"""
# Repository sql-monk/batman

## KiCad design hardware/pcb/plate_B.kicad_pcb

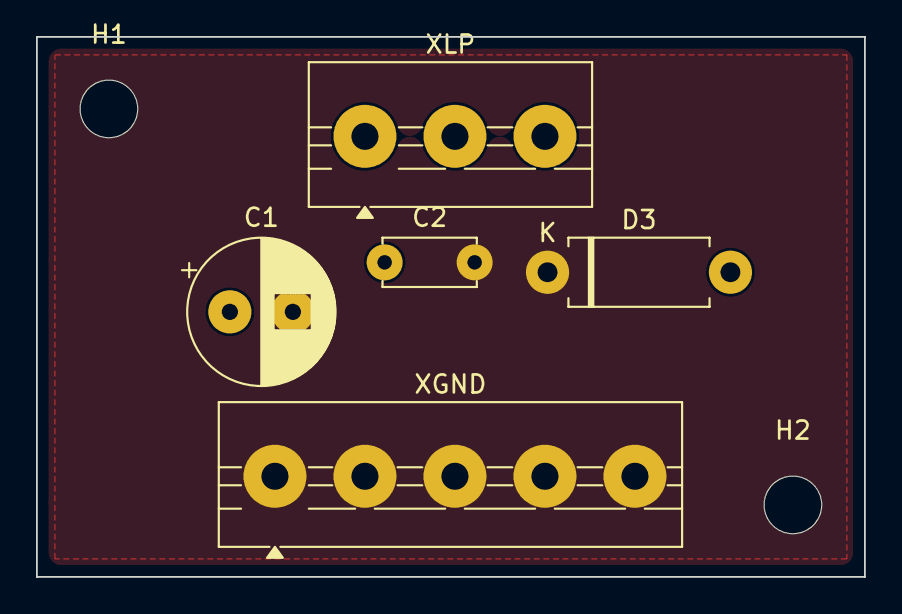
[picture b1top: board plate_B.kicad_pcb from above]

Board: 2 copper layers, 46.0 x 30.0 mm, 7 parts (0 on the bottom side), 2 nets, no tracks yet.

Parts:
C1: 100µ 50V; CP_Radial_D8.0mm_P3.50mm
C2: 100n; C_Disc_D5.0mm_W2.5mm_P5.00mm
D3: SMBJ33A / 1.5KE33; D_DO-15_P10.16mm_Horizontal
H1, H2: MountingHole_3.2mm_M3
XGND: GND-шина (P24–P28); TerminalBlock_MaiXu_MX126-5.0-05P_1x05_P5.00mm
XLP: LOAD+ (P06 P12 P13); TerminalBlock_MaiXu_MX126-5.0-03P_1x03_P5.00mm

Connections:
GND: C1.2, C2.2, D3.1, XGND.1, XGND.2, XGND.3, XGND.4, XGND.5
LOAD+: C1.1, C2.1, D3.2, XLP.1, XLP.2, XLP.3
"""
EXERCISE REQUIREMENTS:
Before copying the data, remove the pictures. Then repeat the rest exactly.

ANSWER TO THIS TASK:
# Repository sql-monk/batman

## KiCad design hardware/pcb/plate_B.kicad_pcb

[picture b1top: board plate_B.kicad_pcb from above]

Board: 2 copper layers, 46.0 x 30.0 mm, 7 parts (0 on the bottom side), 2 nets, no tracks yet.

Parts:
C1: 100µ 50V; CP_Radial_D8.0mm_P3.50mm
C2: 100n; C_Disc_D5.0mm_W2.5mm_P5.00mm
D3: SMBJ33A / 1.5KE33; D_DO-15_P10.16mm_Horizontal
H1, H2: MountingHole_3.2mm_M3
XGND: GND-шина (P24–P28); TerminalBlock_MaiXu_MX126-5.0-05P_1x05_P5.00mm
XLP: LOAD+ (P06 P12 P13); TerminalBlock_MaiXu_MX126-5.0-03P_1x03_P5.00mm

Connections:
GND: C1.2, C2.2, D3.1, XGND.1, XGND.2, XGND.3, XGND.4, XGND.5
LOAD+: C1.1, C2.1, D3.2, XLP.1, XLP.2, XLP.3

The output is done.